Prompt
The required output is the exact run of lines in the listing below from the line holding "extrude(amount=-CUT_EXTRUDE6_DEPTH, mode=Mode.SUBTRACT)" through the line holding "Rectangle(SKETCH5_W, SKETCH5_H)", with no pictures.
** Opening Supplied material block **
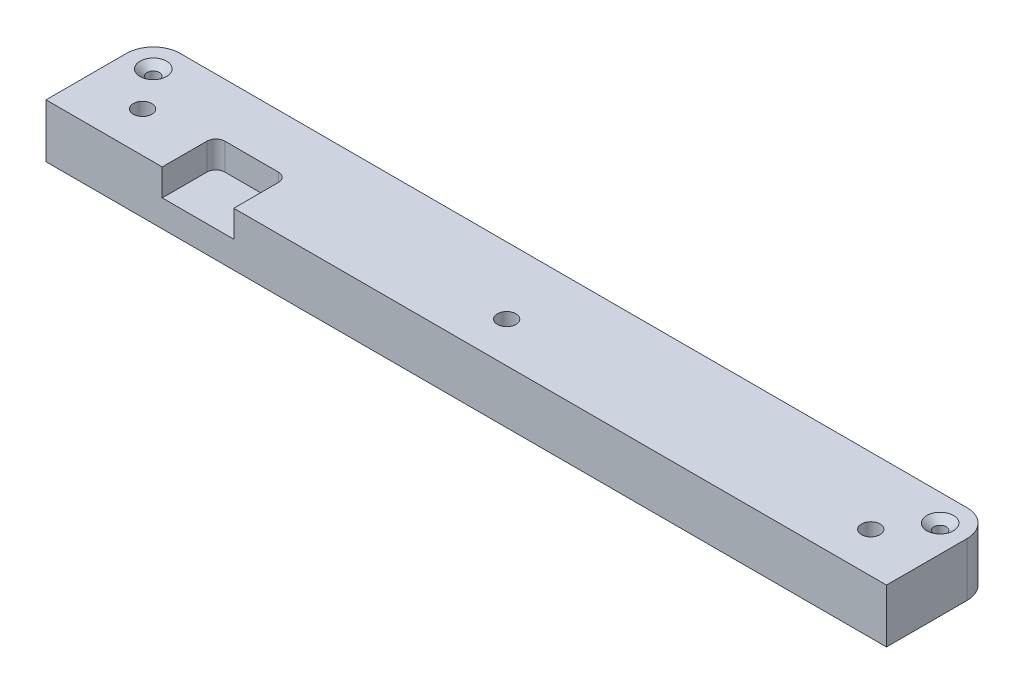
from build123d import *

# Parameters (mm, degrees)
SKETCH1_W           = 298.45
SKETCH1_H           = 38.1
BOSS_EXTRUDE1_DEPTH = 19.05
FILLET1_R           = 9.525
SKETCH2_R           = 3.302
CUT_EXTRUDE1_DEPTH  = 14.2875
SKETCH4_R           = 1.4224
CUT_EXTRUDE2_DEPTH  = 302.47456775
SKETCH5_R           = 2.413
CUT_EXTRUDE3_DEPTH  = 2.921
SKETCH6_R           = 2.1844
CUT_EXTRUDE4_DEPTH  = 302.47456775
CHAMFER1_SIZE       = 2.54
CHAMFER1_SIZE2      = 2.207988314
CUT_EXTRUDE5_START  = -5.08
SKETCH7_R           = 7.239
CUT_EXTRUDE5_DEPTH  = 297.39456775
CUT_EXTRUDE6_START  = -9.525
SKETCH8_W           = 25.4
SKETCH8_H           = 19.05
CUT_EXTRUDE6_DEPTH  = 9.525
FILLET2_R           = 3.175


with BuildPart() as part:
    # Sketch1 → Boss-Extrude1 (new body)
    with BuildSketch(Plane(origin=(0, 0, 0), x_dir=(1, 0, 0), z_dir=(0, 1, 0))):
        with Locations((149.225, 19.05)):
            Rectangle(SKETCH1_W, SKETCH1_H)
    extrude(amount=BOSS_EXTRUDE1_DEPTH)

    # Fillet1
    fillet1_edges = [part.edges().sort_by_distance(p)[0] for p in [
        (0, 9.525, -38.1),
        (298.45, 9.525, -38.1),
    ]]
    fillet(fillet1_edges, radius=FILLET1_R)

    # Sketch2 → Cut-Extrude1 (cut)
    with BuildSketch(Plane(origin=(0, 19.05, 0), x_dir=(1, 0, 0), z_dir=(0, 1, 0))):
        with Locations(Location((19.939, 14.351, 0), (0, 0, 270))):
            Circle(SKETCH2_R)
        with Locations(Location((149.225, 14.351, 0), (0, 0, 270))):
            Circle(SKETCH2_R)
        with Locations(Location((278.511, 14.351, 0), (0, 0, 270))):
            Circle(SKETCH2_R)
    extrude(amount=-CUT_EXTRUDE1_DEPTH, mode=Mode.SUBTRACT)

    # Sketch4 → Cut-Extrude2 (cut, through all)
    with BuildSketch(Plane.XZ):
        with Locations(Location((19.939, -14.351, 0), (0, 0, 270))):
            Circle(SKETCH4_R)
        with Locations(Location((149.225, -14.351, 0), (0, 0, 270))):
            Circle(SKETCH4_R)
        with Locations(Location((278.511, -14.351, 0), (0, 0, 270))):
            Circle(SKETCH4_R)
    extrude(amount=-CUT_EXTRUDE2_DEPTH, mode=Mode.SUBTRACT)

    # Sketch5 → Cut-Extrude3 (cut)
    with BuildSketch(Plane.XZ):
        with Locations(Location((19.939, -14.351, 0), (0, 0, 270))):
            Circle(SKETCH5_R)
        with Locations(Location((149.225, -14.351, 0), (0, 0, 270))):
            Circle(SKETCH5_R)
        with Locations(Location((278.511, -14.351, 0), (0, 0, 270))):
            Circle(SKETCH5_R)
    extrude(amount=-CUT_EXTRUDE3_DEPTH, mode=Mode.SUBTRACT)

    # Sketch6 → Cut-Extrude4 (cut, through all)
    with BuildSketch(Plane(origin=(0, 19.05, 0), x_dir=(1, 0, 0), z_dir=(0, 1, 0))):
        with BuildLine():
            ThreePointArc((286.7406, 28.575), (288.925, 26.3906), (291.1094, 28.575))
            Line((291.1094, 28.575), (286.7406, 28.575))
        make_face()
        with BuildLine():
            Line((286.7406, 28.575), (291.1094, 28.575))
            ThreePointArc((291.1094, 28.575), (288.925, 30.7594), (286.7406, 28.575))
        make_face()
        with Locations(Location((9.525, 28.575, 0), (0, 0, 270))):
            Circle(SKETCH6_R)
    extrude(amount=-CUT_EXTRUDE4_DEPTH, mode=Mode.SUBTRACT)

    # Chamfer1
    chamfer1_edges = [part.edges().sort_by_distance(p)[0] for p in [
        (291.1094, 19.05, -28.575),
        (9.525, 19.05, -30.7594),
    ]]
    chamfer1_side = [part.faces().sort_by_distance(p)[0] for p in [
        (149.225, 19.05, -19.008778326),
    ]]
    chamfer(chamfer1_edges, length=CHAMFER1_SIZE, length2=CHAMFER1_SIZE2, reference=chamfer1_side[0])

    # Sketch7 → Cut-Extrude5 (cut, through all)
    with BuildSketch(Plane(origin=(0, 19.05, 0), x_dir=(1, 0, 0), z_dir=(0, 1, 0)).offset(CUT_EXTRUDE5_START)):
        with Locations(Location((149.225, 28.575, 0), (0, 0, 270))):
            Circle(SKETCH7_R)
    extrude(amount=-CUT_EXTRUDE5_DEPTH, mode=Mode.SUBTRACT)

    # Sketch8 → Cut-Extrude6 (cut)
    with BuildSketch(Plane.XZ.offset(CUT_EXTRUDE6_START)):
        with Locations((53.975, -9.525)):
            Rectangle(SKETCH8_W, SKETCH8_H)
    extrude(amount=-CUT_EXTRUDE6_DEPTH, mode=Mode.SUBTRACT)

    # Fillet2
    fillet2_edges = [part.edges().sort_by_distance(p)[0] for p in [
        (41.275, 14.2875, -19.05),
        (66.675, 14.2875, -19.05),
    ]]
    fillet(fillet2_edges, radius=FILLET2_R)


solid = part.part
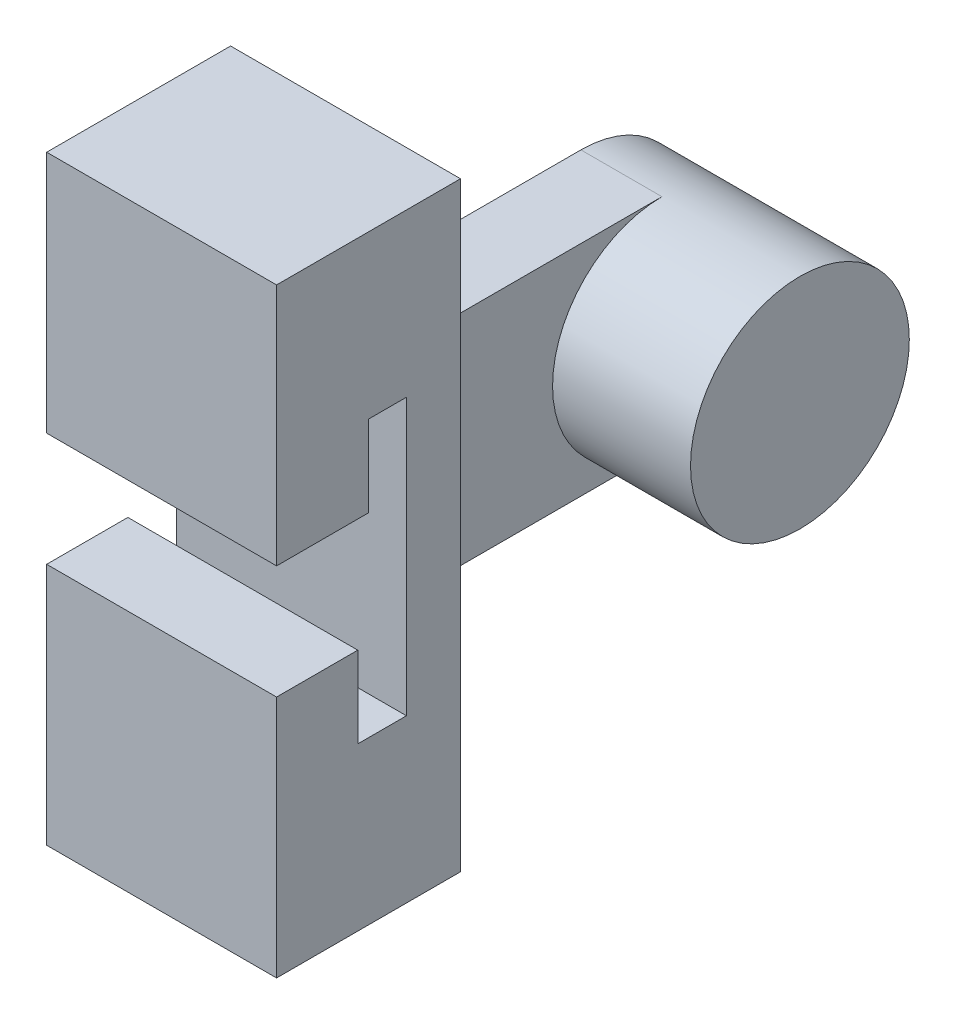
from build123d import *

# Parameters (mm, degrees)
SKETCH1_R           = 30.21838041
BOSS_EXTRUDE1_DEPTH = 38.1
BOSS_EXTRUDE2_START = 22.394673824
BOSS_EXTRUDE2_DEPTH = 22.394673824
SKETCH4_W           = 63.5
SKETCH4_H           = 76.2
BOSS_EXTRUDE4_DEPTH = 14.929782549
SKETCH5_W           = 63.5
SKETCH5_H           = 50.8
BOSS_EXTRUDE5_DEPTH = 44.789347647
SKETCH7_W           = 63.5
SKETCH7_H           = 25.4
BOSS_EXTRUDE7_DEPTH = 22.41804
SKETCH8_W           = 63.5
SKETCH8_H           = 22.42566
BOSS_EXTRUDE8_DEPTH = 22.41804


with BuildPart() as part:
    # Sketch1 → Boss-Extrude1 (new body)
    with BuildSketch(Plane.YZ):
        with Locations(Location((0, 0, 0), (0, 0, 90))):
            Circle(SKETCH1_R)
    extrude(amount=BOSS_EXTRUDE1_DEPTH)

    # Sketch2 → Boss-Extrude2 (add)
    with BuildSketch(Plane(origin=(0, 0, 0), x_dir=(0, -1, 0), z_dir=(-1, 0, 0)).offset(BOSS_EXTRUDE2_START)):
        with BuildLine():
            Line((-30.21838041, 0), (-30.21838041, 76.2))
            Line((-30.21838041, 76.2), (30.21838041, 76.2))
            Line((30.21838041, 76.2), (30.21838041, 0))
            ThreePointArc((30.21838041, 0), (0, -30.21838041), (-30.21838041, 0))
        make_face()
    extrude(amount=-BOSS_EXTRUDE2_DEPTH)

    # Sketch4 → Boss-Extrude4 (add)
    with BuildSketch(Plane.XY.offset(76.2)):
        with Locations((-11.197336912, 0)):
            Rectangle(SKETCH4_W, SKETCH4_H)
    extrude(amount=BOSS_EXTRUDE4_DEPTH)

    # Sketch5 → Boss-Extrude5 (add)
    with BuildSketch(Plane(origin=(0, 38.1, 0), x_dir=(-1, 0, 0), z_dir=(0, 1, 0))):
        with Locations((11.197336912, 101.6)):
            Rectangle(SKETCH5_W, SKETCH5_H)
    boss_extrude5 = extrude(amount=BOSS_EXTRUDE5_DEPTH)

    # Mirror1: Boss-Extrude5 across plane
    add(boss_extrude5.mirror(Plane.ZX))

    # Sketch7 → Boss-Extrude7 (add)
    with BuildSketch(Plane.XZ.offset(-38.1)):
        with Locations((-11.197336912, 114.3)):
            Rectangle(SKETCH7_W, SKETCH7_H)
    extrude(amount=BOSS_EXTRUDE7_DEPTH)

    # Sketch8 → Boss-Extrude8 (add)
    with BuildSketch(Plane(origin=(0, -38.1, 0), x_dir=(-1, 0, 0), z_dir=(0, 1, 0))):
        with Locations((11.197336912, 115.78717)):
            Rectangle(SKETCH8_W, SKETCH8_H)
    extrude(amount=BOSS_EXTRUDE8_DEPTH)


solid = part.part
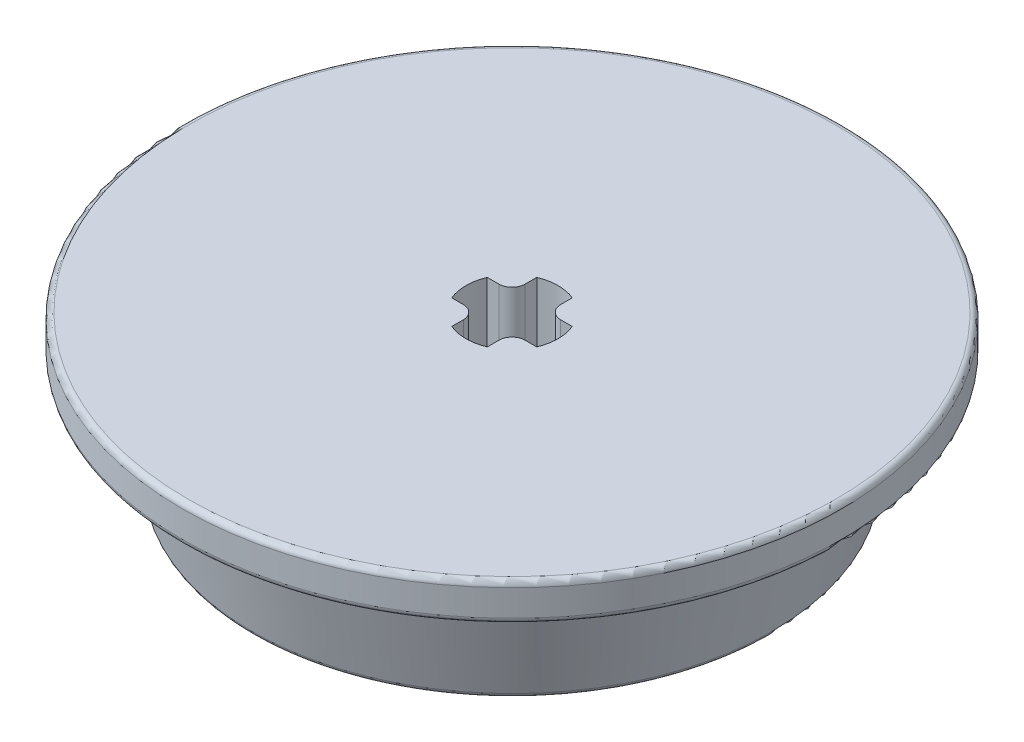
from build123d import *

# Parameters (mm, degrees)
CUT_EXTRUDE1_DEPTH = 26.956426849
FILLET1_R          = 0.7
FILLET2_R          = 0.3


with BuildPart() as part:
    # Sketch2 → Revolve1 (revolve)
    with BuildSketch(Plane.XY, mode=Mode.PRIVATE) as revolve1_sk:
        Polygon((0, 0), (17.460470996, 0), (17.460470996, -2), (15, -2), (13.72466063, -8), (0, -8), align=None)
    revolve(revolve1_sk.sketch.rotate(Axis((0, 0, 0), (0, 1, 0)), 90), axis=Axis((0, 0, 0), (0, 1, 0)))

    # Sketch1 → Cut-Extrude1 (cut, through all)
    with BuildSketch(Plane(origin=(0, 0, 0), x_dir=(1, 0, 0), z_dir=(0, 1, 0))):
        with BuildLine():
            Line((-0.94, 0.94), (-2.25166605, 0.94))
            ThreePointArc((-2.25166605, 0.94), (-2.44, 0), (-2.25166605, -0.94))
            Line((-2.25166605, -0.94), (-0.94, -0.94))
            Line((-0.94, -0.94), (-0.94, -2.25166605))
            ThreePointArc((-0.94, -2.25166605), (0, -2.44), (0.94, -2.25166605))
            Line((0.94, -2.25166605), (0.94, -0.94))
            Line((0.94, -0.94), (2.25166605, -0.94))
            ThreePointArc((2.25166605, -0.94), (2.44, 0), (2.25166605, 0.94))
            Line((2.25166605, 0.94), (0.94, 0.94))
            Line((0.94, 0.94), (0.94, 2.25166605))
            ThreePointArc((0.94, 2.25166605), (0, 2.44), (-0.94, 2.25166605))
            Line((-0.94, 2.25166605), (-0.94, 0.94))
        make_face()
    extrude(amount=-CUT_EXTRUDE1_DEPTH, mode=Mode.SUBTRACT)

    # Fillet1
    fillet1_edges = [part.edges().sort_by_distance(p)[0] for p in [
        (-0.94, -4, -0.94),
        (0.94, -4, -0.94),
        (0.94, -4, 0.94),
        (-0.94, -4, 0.94),
    ]]
    fillet(fillet1_edges, radius=FILLET1_R)

    # Fillet2
    fillet2_edges = [part.edges().sort_by_distance(p)[0] for p in [
        (0, -8, 13.72466063),
        (0, -2, 15),
        (0, -2, 17.460470996),
        (0, 0, 17.460470996),
    ]]
    fillet(fillet2_edges, radius=FILLET2_R)


solid = part.part
** Closing Supplied material block **
Answer to the exercise
    extrude(amount=-CUT_EXTRUDE6_DEPTH, mode=Mode.SUBTRACT)

    # Fillet2
    fillet2_edges = [part.edges().sort_by_distance(p)[0] for p in [
        (41.275, 14.2875, -19.05),
        (66.675, 14.2875, -19.05),
    ]]
    fillet(fillet2_edges, radius=FILLET2_R)


solid = part.part
from build123d import *

# Parameters (mm, degrees)
SKETCH1_R           = 30.21838041
BOSS_EXTRUDE1_DEPTH = 38.1
BOSS_EXTRUDE2_START = 22.394673824
BOSS_EXTRUDE2_DEPTH = 22.394673824
SKETCH4_W           = 63.5
SKETCH4_H           = 76.2
BOSS_EXTRUDE4_DEPTH = 14.929782549
SKETCH5_W           = 63.5
SKETCH5_H           = 50.8
BOSS_EXTRUDE5_DEPTH = 44.789347647
SKETCH7_W           = 63.5
SKETCH7_H           = 25.4
BOSS_EXTRUDE7_DEPTH = 22.41804
SKETCH8_W           = 63.5
SKETCH8_H           = 22.42566
BOSS_EXTRUDE8_DEPTH = 22.41804


with BuildPart() as part:
    # Sketch1 → Boss-Extrude1 (new body)
    with BuildSketch(Plane.YZ):
        with Locations(Location((0, 0, 0), (0, 0, 90))):
            Circle(SKETCH1_R)
    extrude(amount=BOSS_EXTRUDE1_DEPTH)

    # Sketch2 → Boss-Extrude2 (add)
    with BuildSketch(Plane(origin=(0, 0, 0), x_dir=(0, -1, 0), z_dir=(-1, 0, 0)).offset(BOSS_EXTRUDE2_START)):
        with BuildLine():
            Line((-30.21838041, 0), (-30.21838041, 76.2))
            Line((-30.21838041, 76.2), (30.21838041, 76.2))
            Line((30.21838041, 76.2), (30.21838041, 0))
            ThreePointArc((30.21838041, 0), (0, -30.21838041), (-30.21838041, 0))
        make_face()
    extrude(amount=-BOSS_EXTRUDE2_DEPTH)

    # Sketch4 → Boss-Extrude4 (add)
    with BuildSketch(Plane.XY.offset(76.2)):
        with Locations((-11.197336912, 0)):
            Rectangle(SKETCH4_W, SKETCH4_H)
    extrude(amount=BOSS_EXTRUDE4_DEPTH)

    # Sketch5 → Boss-Extrude5 (add)
    with BuildSketch(Plane(origin=(0, 38.1, 0), x_dir=(-1, 0, 0), z_dir=(0, 1, 0))):
        with Locations((11.197336912, 101.6)):
            Rectangle(SKETCH5_W, SKETCH5_H)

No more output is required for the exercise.